Guardare in faccia la realtà ha significato ammettere la sconfitta e dover rinunciare a portare avanti il progetto per come era nato. Costretti ad abbandonare la strada cinematografica, abbiamo pensato di abbinare i nostri pezzi ad immagini, così da dare quantomeno un “volto” alle nostre creazioni.

“Tale of a dark fate” è un’opera in due atti che parla della leggenda dell’albero del veleno (secondo la quale chi ne mangia i frutti si addormenta per non risvegliarsi più) attraverso metafore ricavate da alcuni personaggi della mitologia greca.

Grazie al prezioso contributo dell’artista Steve Indronant, che ha saputo interpretare perfettamente la storia, ogni brano è stato affiancato da un’immagine che lo rappresenta. Il ricco booklet che accompagna il disco raccoglie tutte queste piccole opere.

Nel 2016 abbiamo vinto il bando regionale Toscana 100 band che, mettendo a disposizione fino a 5000 euro, ci ha permesso di registrare da Alberto Gerli nei prestigiosi Casalpiano Studios di Sinalunga (SI). Inizialmente erano previste registrazioni ad opera di un coro reale con il quale avevamo già dei contatti, ma per problemi da noi indipendenti la cosa è saltata e ci siamo affidati a parti di coro campionate, scritte e arrangiate dal compositore Cesare Valentini.

Il disco è così strutturato:

I – Prelude – The poison tree

ACT I – HYPNOS

II – Morpheus

III – Phobetor

IV – Interlude I – Momus

V – Phantasos

VI – Interval

ACT II –  THANATOS

VII – Clotho

VIII – Lachesis

IX – Interlude II – Ananke

X – Atropos

XI – Postlude – Moros

La storia ha inizio con il protagonista che raggiunge l’albero del veleno (“The poison tree”), si nutre dei suoi frutti e si mette all’ombra delle sue fronde per riposarsi.

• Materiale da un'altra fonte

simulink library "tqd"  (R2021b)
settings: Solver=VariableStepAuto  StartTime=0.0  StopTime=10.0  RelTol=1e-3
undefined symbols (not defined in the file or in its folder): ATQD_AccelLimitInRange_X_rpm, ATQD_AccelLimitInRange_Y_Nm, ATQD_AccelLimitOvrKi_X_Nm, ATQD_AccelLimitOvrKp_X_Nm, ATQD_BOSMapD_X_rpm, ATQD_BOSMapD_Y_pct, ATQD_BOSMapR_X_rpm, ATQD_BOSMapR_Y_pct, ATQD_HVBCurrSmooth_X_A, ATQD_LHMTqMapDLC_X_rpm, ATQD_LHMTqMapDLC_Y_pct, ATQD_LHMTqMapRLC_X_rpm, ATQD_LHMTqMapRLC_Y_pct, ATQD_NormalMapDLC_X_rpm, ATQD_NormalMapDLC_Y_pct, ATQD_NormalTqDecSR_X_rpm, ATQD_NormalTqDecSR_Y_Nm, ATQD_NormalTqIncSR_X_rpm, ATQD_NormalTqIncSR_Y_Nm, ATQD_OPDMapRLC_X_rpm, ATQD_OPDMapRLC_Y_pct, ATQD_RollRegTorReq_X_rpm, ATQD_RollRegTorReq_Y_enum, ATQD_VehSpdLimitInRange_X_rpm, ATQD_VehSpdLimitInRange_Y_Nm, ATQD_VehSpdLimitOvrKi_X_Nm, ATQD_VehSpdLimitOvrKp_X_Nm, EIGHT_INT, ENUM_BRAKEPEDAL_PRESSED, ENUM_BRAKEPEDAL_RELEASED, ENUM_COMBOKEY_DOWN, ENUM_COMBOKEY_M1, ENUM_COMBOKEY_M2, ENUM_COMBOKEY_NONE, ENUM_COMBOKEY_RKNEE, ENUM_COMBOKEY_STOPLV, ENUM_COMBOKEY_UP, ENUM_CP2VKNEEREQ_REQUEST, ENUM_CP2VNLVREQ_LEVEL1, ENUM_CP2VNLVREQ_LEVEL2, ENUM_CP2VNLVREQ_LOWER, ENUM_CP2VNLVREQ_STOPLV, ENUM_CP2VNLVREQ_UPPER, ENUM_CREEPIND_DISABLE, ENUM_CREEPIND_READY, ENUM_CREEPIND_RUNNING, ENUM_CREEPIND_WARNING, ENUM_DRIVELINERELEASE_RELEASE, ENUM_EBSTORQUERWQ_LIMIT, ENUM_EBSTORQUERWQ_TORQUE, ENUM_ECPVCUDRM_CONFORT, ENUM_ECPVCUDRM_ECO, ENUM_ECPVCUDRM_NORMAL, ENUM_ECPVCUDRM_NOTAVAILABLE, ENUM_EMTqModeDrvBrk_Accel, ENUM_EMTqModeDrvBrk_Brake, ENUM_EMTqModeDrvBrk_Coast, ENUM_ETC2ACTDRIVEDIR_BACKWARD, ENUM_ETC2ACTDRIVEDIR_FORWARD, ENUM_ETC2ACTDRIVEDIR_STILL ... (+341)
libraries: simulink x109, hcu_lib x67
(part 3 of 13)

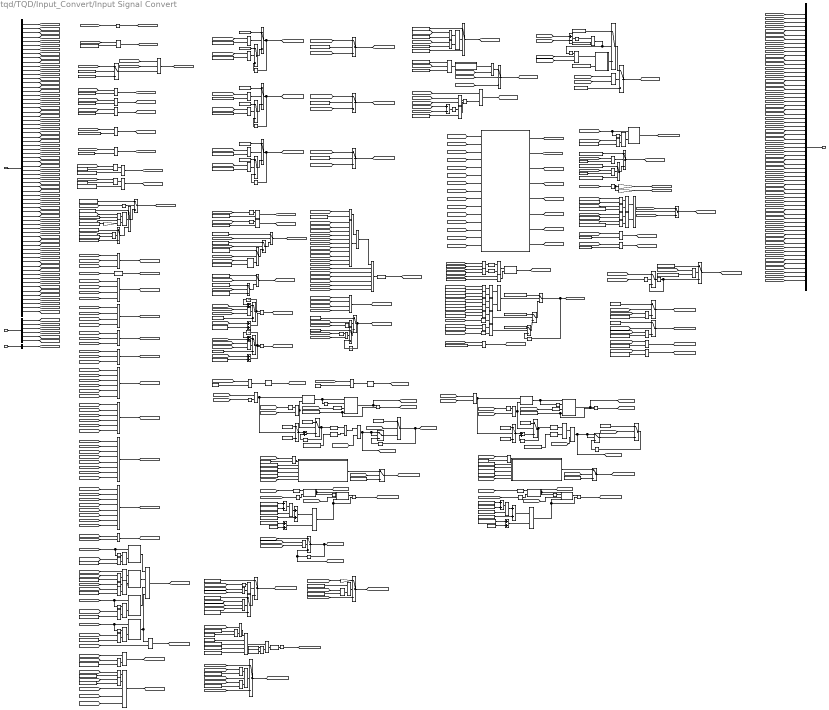
== system tqd/TQD/Input_Convert/Input Signal Convert ==
  note: VCU Vehicle Speed
  note: Motor Speed with Direction
  note: EBS Torque Control Determination
  note: Actual Driver Mode Determination
  note: Available Torque Calculation
  note: Target Shafter Speed Determination
  note: Gear Shifter Transfer Determination
  note: Gear Limitation with DMS Lost Communication
  note: DDM for DCQ
  note: Combo Key
  note: Engineering Mode Detection
  note: MCU Speed High Value Determination
  note: Actual Driving Direction Determination
  note: Power Limit/Gear Flash Indication Determination
  note: EBS Torque Request Determination
  note: IGN Active
  note: EV Drive Ready Judgment
  note: Gear Request Determination
  note: Door Open Judgment
  note: Brake Switch On
  note: Acceleration Pedal Depressed
  note: SCP Door Status
  note: Torque Source Determination
  BSCPIn_outputs : Inport
  BDCQ_Function_outputs : Inport  Port=2
  BDCQ_main_outputs : Inport  Port=3
  AND{,1..7,11..17} (15 alike) : Logic  AllPortsSameDT=off  OutDataTypeStr=boolean
  AND10 : Logic  Operator=OR  AllPortsSameDT=off  OutDataTypeStr=boolean
  AND18 : Logic  Inputs=3  AllPortsSameDT=off  OutDataTypeStr=boolean
  AND8 : Logic  Inputs=3  AllPortsSameDT=off  OutDataTypeStr=boolean
  AND9 : Logic  Operator=OR  AllPortsSameDT=off  OutDataTypeStr=boolean
  Abs{,1,5..6} (4 alike) : Abs
  Add{,1..3,7..14} (12 alike) : Sum
  Add5 : Sum  Inputs=+-
  Add6 : Sum  Inputs=+-
  "Big Mike Combo V2 " : Subsystem  TreatAsAtomicUnit=on
      settings: RTWSystemCode=Nonreusable function
  Bus Creator : BusCreator  Inputs=65
  Bus Selector : BusSelector  OutputSignals=task_time_s,VDHP_LowIdleAccPedal_flg,VINP_EBSBrakeSw_enum,VINP_TransReqGear_enum,VPMM_DrivelineRelease_enum,VPSA_Keystatus_enum,VINP_EM1ReqTorqLimDriv_pct,VINP_EM1ReqTorqLimBrk_pct,VPMM_SysPowerMode_enum,VDMM_DTCBMSRlyNoFB_flg,VDMM_DTCDCDCInverNoFB_flg,VDMM_DTCEACInverNoFB_flg,VDMM_DTCEACRlyNoFB_flg,VDMM_DTCEHPSInverNoFB_flg,VDMM_DTCEHPSRlyNoFB_flg,VDMM_DTCMCUHVRlyNoFB_flg,VDMM_DTCMCUIGBNoFB_flg,VDMM_DTCMCUCtrlMdNoFB_flg,VDMM_DTCACHVRlyNoFB_flg,VDMM_DTCMotorSpdNoFB_flg,VDMM_DTCMotorTrqNoFB_flg,VDMM_DTCDCDCRlyNoFB_flg,VDMM_DTCLostTC1_flg,VDMM_DTCDMSRCIncorrect_flg,VINP_MotorSpd_rpm,VINP_MotorSpdValid_flg,VINP_ECPVCUSpdLim_kph,VINP_ECPVCUSpdLimSw_flg,VINP_ParkBrakeSW_flg,VINP_BrakePedalPos_pct,VDHP_ActAPSPosn_pct,VDMM_DTCLostB2VST1_flg,VDMM_DTCLostB2VST2_flg,VDMM_DTCLostB2VCurrentLimit_flg,VDMM_DTCLostEMCEM1_flg,VDMM_DTCLostEBC1_flg,VDMM_DTCLostEBC2_flg,VDMM_DTCLostEBC5_flg,VDMM_ActLostEMCEM1_flg,VDMM_ActLostEBC1_flg,VDMM_ActLostEBC2_flg,VDMM_ActLostEBC5_flg,VDMM_ActLostMCUSta1_flg,VDMM_ActLostMCUSta2_flg,VDMM_ActLostMCUSta3_flg,VDMM_ActLostB2VST1_flg,VDMM_ActLostB2VST2_flg,VDMM_ActLostB2VCurrentLimit_flg,VDMM_DTCBCURCIncorrect_flg,VDMM_DTCPDURCIncorrect_flg,VINP_ECPVCUDRM_enum,VDMM_CAN1BUSOFF_flg,VINP_EM1OvrCtrlMDriv_enum,VINP_EM1OvrCtrlMBrk_enum,VDMM_EBSRCIncorrect_flg,VINP_FRHalbrakeReq_enum,VINP_MDHalbrakeReq_enum,VINP_TDHalbrakeReq_enum,VBCM_FDCBCMFDoorSta_flg,VBCM_FDCBCMMDoorSta_flg,VBCM_FDCBCMRDoorSta_flg,VACC_ASC2NLvReqFA_enum,VACC_ASC2NLvReqRA_enum,VACC_ASC2KneeReqRSide_flg,VACC_ASC2KneeReqFA_flg,VACC_ASC2KneeReqRA_flg,VBCM_FDCBCMFDCloseSVCmd_flg,VBCM_FDCBCMFDOpenSVCmd_flg,VINP_FASpeed_kph,VINP_CANMsgValidEBC2_flg
  Bus Selector1 : BusSelector  OutputSignals=VTQD_GearActualPosn_enum,VTQD_ParkingProtectWarning_flg,VTQD_TorqLimDoorOpn_flg,VTQD_VCUMCUCtrlMdTQD_enum,VTQD_TMTqCapMot_Nm,VTQD_TMTqCapGen_Nm
  Bus Selector2 : BusSelector  OutputSignals=VTQD_RrRampTq_Nm
  Constant{,2,71,73} (4 alike) : Constant  Value=ZERO_FLOAT
  Constant1 : Constant  Value=ENUM_GEARSHIFTPOSN_D
  Constant10 : Constant  Value=ENUM_BRAKEPEDAL_PRESSED
  Constant100 : Constant  Value=ENUM_MCUCTRLMODE_TORQUE
  Constant101 : Constant  Value=ENUM_GEARACTUALPOSN_R
  Constant102 : Constant  Value=KTQD_AbsoluteMotorSpdDir_flg
  Constant103 : Constant  Value=EPS
  Constant104 : Constant  Value=ENUM_GEARACTUALPOSN_N
  Constant105 : Constant  Value=ENUM_GEARACTUALPOSN_R
  Constant106 : Constant  Value=ENUM_GEARSHIFTPOSN_D
  Constant107 : Constant  Value=ENUM_GEARSHIFTPOSN_INVALID
  Constant108 : Constant  Value=ENUM_GEARSHIFTPOSN_N
  Constant109 : Constant  Value=ENUM_GEARSHIFTPOSN_R
  Constant11 : Constant  Value=ONE_PERCENT
  Constant110 : Constant  Value=KTQD_GearFlashSetTime_s
  Constant111 : Constant  Value=EPS
  Constant112 : Constant  Value=ENUM_GEARSHIFTPOSN_N
  Constant113 : Constant  Value=ENUM_GEARSHIFTPOSN_R
  Constant114 : Constant  Value=KTQD_VehSpdGearRatio_ratio
  Constant115 : Constant  Value=KTQD_ActDrvDirMotorSpdLimit_rpm  OutDataTypeStr=single
  Constant116 : Constant  Value=KTQD_GearFlashSetTime_s
  Constant117 : Constant  Value=EPS  OutDataTypeStr=single
  Constant118 : Constant  Value=KTQD_VehSpdTireFactor_Factor
  Constant119 : Constant  Value=KTQD_VehSpdTireDiameter_m
  Constant12 : Constant  Value=KTQD_MCUMaxRefTorq_Nm
  Constant120 : Constant  Value=KTQD_VehSpdADJFactor_Factor
  Constant{121,206,210,215,220} (5 alike) : Constant  Value=TRUE
  Constant122 : Constant  Value=SIXTY
  Constant123 : Constant  Value=THOUSAND
  Constant124 : Constant  Value=EPS  OutDataTypeStr=single
  Constant125 : Constant  Value=KTQD_TMSpd2FASpd_kph
  Constant126 : Constant  Value=KTQD_VCUVehSpdErr_kph
  Constant13 : Constant  Value=ENUM_GEARACTUALPOSN_D  OutDataTypeStr=Inherit: Inherit via back propagation
  Constant14 : Constant  Value=ENUM_GEARACTUALPOSN_P  OutDataTypeStr=Inherit: Inherit via back propagation
  Constant15 : Constant  Value=KTQD_EnLVChrgModekeyDet_s  OutDataTypeStr=single
  Constant16 : Constant  Value=ENUM_TARGETGEAR_DRIVE
  Constant17 : Constant  Value=ENUM_TARGETGEAR_NEUTRAL
  Constant176 : Constant  Value=uint8(6)
  Constant18 : Constant  Value=ENUM_TARGETGEAR_REVERSE
  Constant189 : Constant  Value=ENUM_VEHACTDRVDIR_ERROR
  Constant19 : Constant  Value=KTQD_EnLVChrgModeUION_s  VectorParams1D=off
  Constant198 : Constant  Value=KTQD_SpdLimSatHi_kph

Da qui si entra nel primo atto – Hypnos – il dio del sonno, che a sua volta è suddiviso nei vari capitoli che corrispondono ai suoi figli: Morpheus (assume sembianze di persone durante il sonno), Phobetor (assume sembianze di bestie feroci) e Phantasos (assume sembianze di cose o paesaggi); Momus, nel primo interludio, è la rappresentazione del sarcasmo (che si prende gioco di colui che ha mangiato i frutti dell’albero). Si tratta quindi di un viaggio onirico tra i mostri partoriti dal delirio innescato dal veleno.

Poi si entra nel secondo atto – Thanatos – il dio della morte (nonché fratello gemello di Hypnos); in questo caso abbiamo le tre Moire, (personificazione del destino ineluttabile, perché tessevano il filo del fato di ogni uomo): Clotho (che filava il seme della vita), Lachesis (ovvero il destino, che avvolgeva il filo sul fuso e decideva quanto ne spettasse a ogni uomo) e Atropos (che tagliava il filo, ovvero ne decideva la morte). Nel secondo interludio compare Ananke, personificazione del destino e madre delle Moire.

Infine il postludio – Moros – rappresentazione del destino avverso che porta ogni essere alla morte.

A livello musicale si ha quindi una prima parte più pacata, sognante, melodica, mentre la seconda ha toni più crudi, esasperati, schizzati. Nel comporlo ci siamo sentiti liberi di esprimerci senza alcun vincolo, ragionando solo su quello che avevamo da dire e non su ciò che l’ascoltatore avrebbe voluto. Si passa così da pezzi senza batteria ad altri con blast-beat tipici del metal estremo, da parti con un solo strumento ad altre con cori ed orchestrazioni, da ritmi incalzanti a lunghi e ripetuti silenzi. Il risultato è tutt’altro che commerciale, e ne siamo contenti.